First up (and earlier than advertised so I missed half his talk) was none other than Health IT Czar David Brailer. Those of you following the press releases know that he’s been a tad busy, even if Cerner’s Neal Patterson thinks that it’s all inside the beltway bullshit. Brailer said that the Fed’s process is at the "end of the beginning" — October is a pivotal month. The time for discussion is soon over, and the Federal government is moving towards exact plans and near and certain deadlines for health care IT. Brailer views health care IT as being inevitable. He notes that interns in training today were born a year before the IBM PC came to market…so doctors will use computers at the point of care.

But he was clear that we can still get this whole thing wrong. In his view portability and interoperability is not an option, it’s essential — so we need to do interoperability right and build it in from the beginning. (Yup, I’ve been cynical about this before, but the man is trying!)  Meanwhile, for presumably political reasons his office had a study about Cyberfraud out Monday, and he mentioned fraud about 5 times. After all, who can be against stopping fraud — so long as it’s not called a no-bid contract to an oil-services company, in which case Dick, Scooter and the boys love it.

Brailer said that we will have a single process for creating standardized standards. Standards bodies now are siloed. Standards start now with types of data, which is why they’re siloed. Instead he wants to move to standards addressing business problems and then use them to solve those problems. The Federal government will be bringing them together and he was insistent that we should have high expectations from the new supra-standards body. In addition we also now have a certification commission (made up of HIMSS, AHIMA, & NCHIT) which will be judging EMR based on three features a) security, b) clinical features (prompts, reminders) c) interoperability. The commission will later move to inpatient tools, etc. While some of my capitalist friends fear this will restrict innovation, my thought is that this certification process will be a floor not a ceiling on getting EMRs that are somewhat effective onto the market.

And soon NHIN will will award national Health information contracts to develop the nation’s infrastructure. Of course this has been getting controversial (especially after Cerner’s CEO’s remarks last week). Brailer simply said that apparently someone had disagreed with him for the past year and a half but forgot to tell him. He never mentioned Patterson’s name.

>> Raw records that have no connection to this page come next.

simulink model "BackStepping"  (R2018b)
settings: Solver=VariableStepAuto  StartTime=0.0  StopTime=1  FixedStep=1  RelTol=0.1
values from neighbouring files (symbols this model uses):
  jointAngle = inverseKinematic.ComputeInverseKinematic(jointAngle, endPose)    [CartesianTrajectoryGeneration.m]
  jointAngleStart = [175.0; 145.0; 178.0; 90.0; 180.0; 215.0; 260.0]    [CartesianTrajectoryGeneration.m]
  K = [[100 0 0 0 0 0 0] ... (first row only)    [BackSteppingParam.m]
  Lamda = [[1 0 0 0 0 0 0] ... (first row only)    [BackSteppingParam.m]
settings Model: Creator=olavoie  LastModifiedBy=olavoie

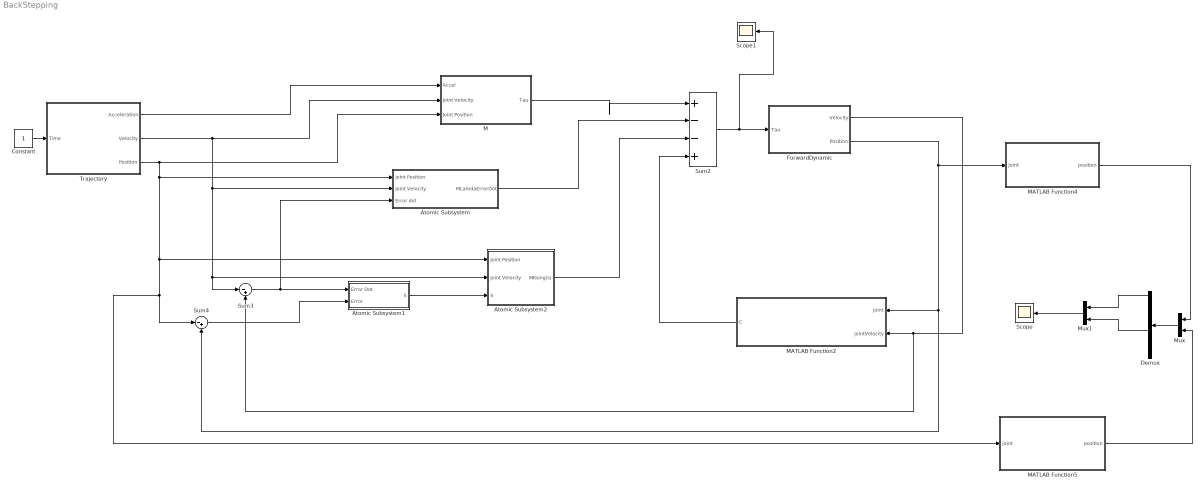
== system BackStepping ==
  Atomic Subsystem : Subsystem  TreatAsAtomicUnit=on
  Atomic Subsystem1 : Subsystem  TreatAsAtomicUnit=on
  Atomic Subsystem2 : Subsystem  TreatAsAtomicUnit=on
  Constant : Constant
  Demux : Demux  Outputs=6
  ForwardDynamic : Subsystem  TreatAsAtomicUnit=on
  M : Subsystem  TreatAsAtomicUnit=on
  MATLAB Function2 : MATLAB Function  TreatAsAtomicUnit=on
  MATLAB Function4 : MATLAB Function  TreatAsAtomicUnit=on
  MATLAB Function5 : MATLAB Function  TreatAsAtomicUnit=on
  Mux : Mux  Inputs=2
  Mux1 : Mux  Inputs=2
  Scope : Scope
  Scope1 : Scope
  Sum2 : Sum  Inputs=|+--+
  Sum3 : Sum  Inputs=|-+
  Sum4 : Sum  Inputs=|-+
  Trajectory : Subsystem  TreatAsAtomicUnit=on
  wires:
  Constant/1 -> Trajectory/1(Time)
  ForwardDynamic/1(Velocity) -> Sum3/2, MATLAB Function2/2(jointVelocity)
  Trajectory/1(Acceleration) -> M/1("Accel ")
  Trajectory/2(Velocity) -> Sum3/1, Atomic Subsystem2/2(Joint Velocity), Atomic Subsystem/2(Joint Velocity), M/2(Joint Velocity)
  Sum3/1 -> Atomic Subsystem/3(Error dot), Atomic Subsystem1/1(Error Dot)
  Sum4/1 -> Atomic Subsystem1/2(Error)
  Atomic Subsystem1/1(S) -> Atomic Subsystem2/3(S)
  Sum2/1 -> Scope1/1, ForwardDynamic/1(Tau)
  MATLAB Function2/1(C) -> Sum2/4
  M/1(Tau) -> Sum2/1
  MATLAB Function5/1(position) -> Mux/2
  MATLAB Function4/1(position) -> Mux/1
  ForwardDynamic/2(Position) -> Sum4/2, MATLAB Function2/1(joint), MATLAB Function4/1(joint)
  Trajectory/3(Position) -> Sum4/1, MATLAB Function5/1(joint), Atomic Subsystem2/1(Joint Position), Atomic Subsystem/1(Joint Position), M/3(Joint Position)
  Atomic Subsystem/1(MLamdaErrorDot) -> Sum2/2
  Atomic Subsystem2/1(MKsing(s)) -> Sum2/3
  Mux/1 -> Demux/1
  Demux/1 -> Mux1/1
  Demux/4 -> Mux1/2
  Mux1/1 -> Scope/1

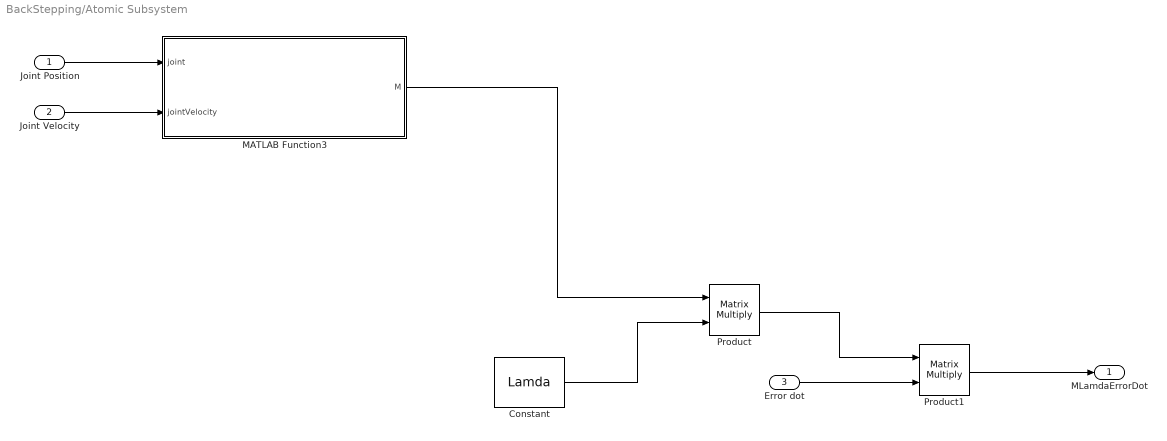
== system BackStepping/Atomic Subsystem ==
  Joint Position : Inport
  Joint Velocity : Inport  Port=2
  Error dot : Inport  Port=3
  Constant : Constant  Value=Lamda
  MATLAB Function3 : MATLAB Function  TreatAsAtomicUnit=on
  Product : Product  Multiplication=Matrix(*)
  Product1 : Product  Multiplication=Matrix(*)
  MLamdaErrorDot : Outport
  wires:
  Joint Position/1 -> MATLAB Function3/1(joint)
  Joint Velocity/1 -> MATLAB Function3/2(jointVelocity)
  Product1/1 -> MLamdaErrorDot/1
  Error dot/1 -> Product1/2
  Product/1 -> Product1/1
  Constant/1 -> Product/2
  MATLAB Function3/1(M) -> Product/1

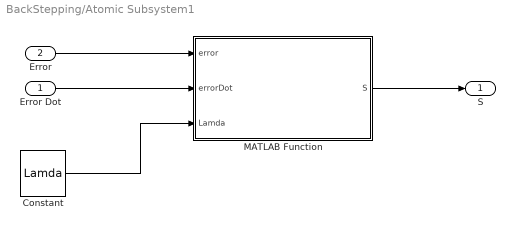
== system BackStepping/Atomic Subsystem1 ==
  Error Dot : Inport
  Error : Inport  Port=2
  Constant : Constant  Value=Lamda
  MATLAB Function : MATLAB Function  TreatAsAtomicUnit=on
  S : Outport
  wires:
  Error/1 -> MATLAB Function/1(error)
  Error Dot/1 -> MATLAB Function/2(errorDot)
  Constant/1 -> MATLAB Function/3(Lamda)
  MATLAB Function/1(S) -> S/1

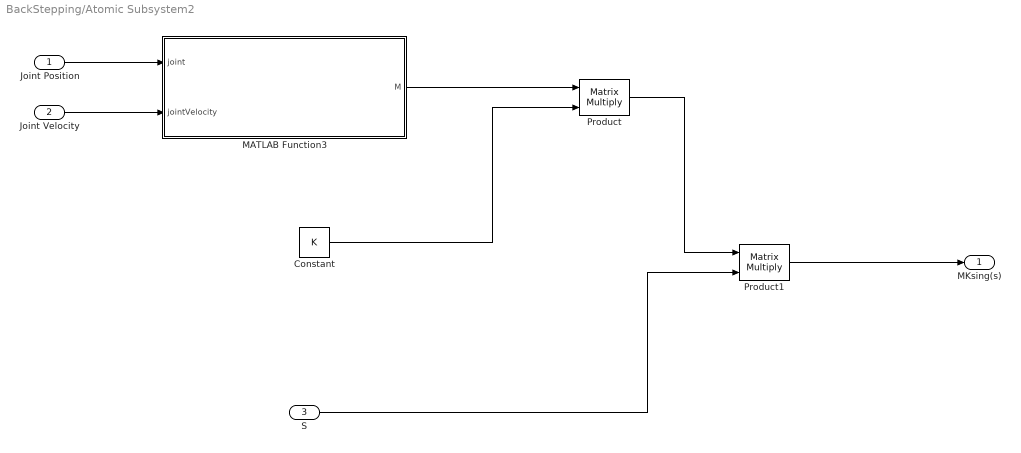
== system BackStepping/Atomic Subsystem2 ==
  Joint Position : Inport
  Joint Velocity : Inport  Port=2
  S : Inport  Port=3
  Constant : Constant  Value=K
  MATLAB Function3 : MATLAB Function  TreatAsAtomicUnit=on
  Product : Product  Multiplication=Matrix(*)
  Product1 : Product  Multiplication=Matrix(*)
  MKsing(s) : Outport
  wires:
  Joint Velocity/1 -> MATLAB Function3/2(jointVelocity)
  Joint Position/1 -> MATLAB Function3/1(joint)
  MATLAB Function3/1(M) -> Product/1
  Constant/1 -> Product/2
  Product/1 -> Product1/1
  Product1/1 -> MKsing(s)/1
  S/1 -> Product1/2

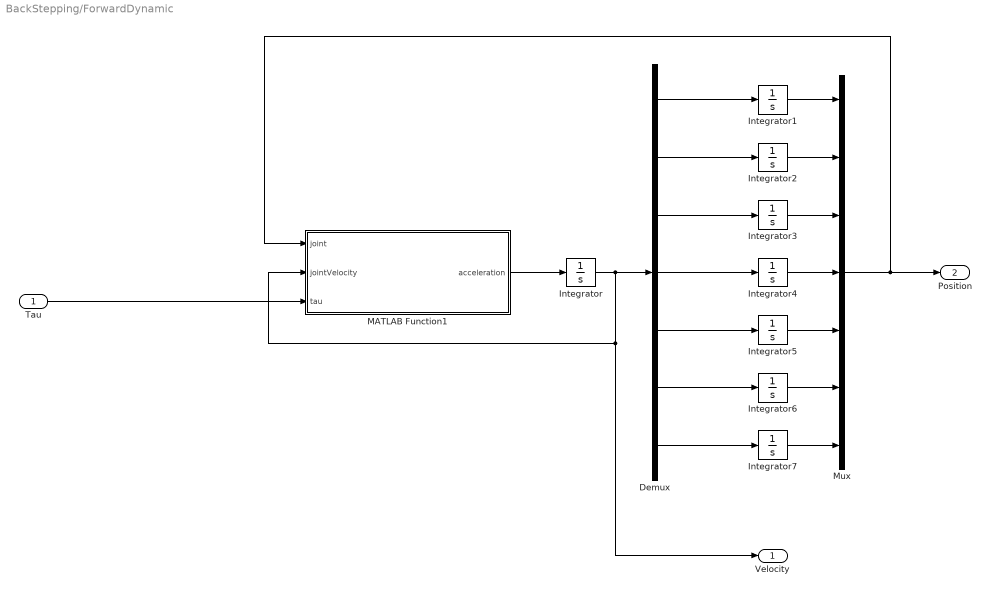
== system BackStepping/ForwardDynamic ==
  Tau : Inport
  Demux : Demux  Outputs=7
  Integrator : Integrator
  Integrator1 : Integrator  InitialCondition=jointAngleStart(1)
  Integrator2 : Integrator  InitialCondition=jointAngleStart(2)
  Integrator3 : Integrator  InitialCondition=jointAngleStart(3)
  Integrator4 : Integrator  InitialCondition=jointAngleStart(4)
  Integrator5 : Integrator  InitialCondition=jointAngleStart(5)
  Integrator6 : Integrator  InitialCondition=jointAngleStart(6)
  Integrator7 : Integrator  InitialCondition=jointAngleStart(7)
  MATLAB Function1 : MATLAB Function  TreatAsAtomicUnit=on
  Mux : Mux  Inputs=7
  Velocity : Outport
  Position : Outport  Port=2
  wires:
  Tau/1 -> MATLAB Function1/3(tau)
  MATLAB Function1/1(acceleration) -> Integrator/1
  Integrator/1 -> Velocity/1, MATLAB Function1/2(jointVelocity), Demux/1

Brailer wants criteria for the architecture of the infrastructure for interoperability. He likens the EMR to the cell phone network, and hopes that like with cell phones, for a regular fee you can plug your EMR in and get on top of that infrastructure. He thinks that once the base is set that there’ll be lots of competition in services running on top of it. But it’s not just hurtling towards any old infrastructure, but the Feds will be making sure that it’s tied together, that it’s integrated and secure from day one.

He is also (rightly in my view) concerned about the adoption gap, and thinks that we need to make it easy for everyone — not just big organizations. For this he thinks that the recent anti-kickback exception (Stark exception) so that hospitals can donate EMRs to physicians, but has to be linked to certified EHRs, is very significant. And finally, in order to count how effective this all his, HHS is buying a bunch of surveys to objectively tell us how we’re doing. I wish I was still selling them!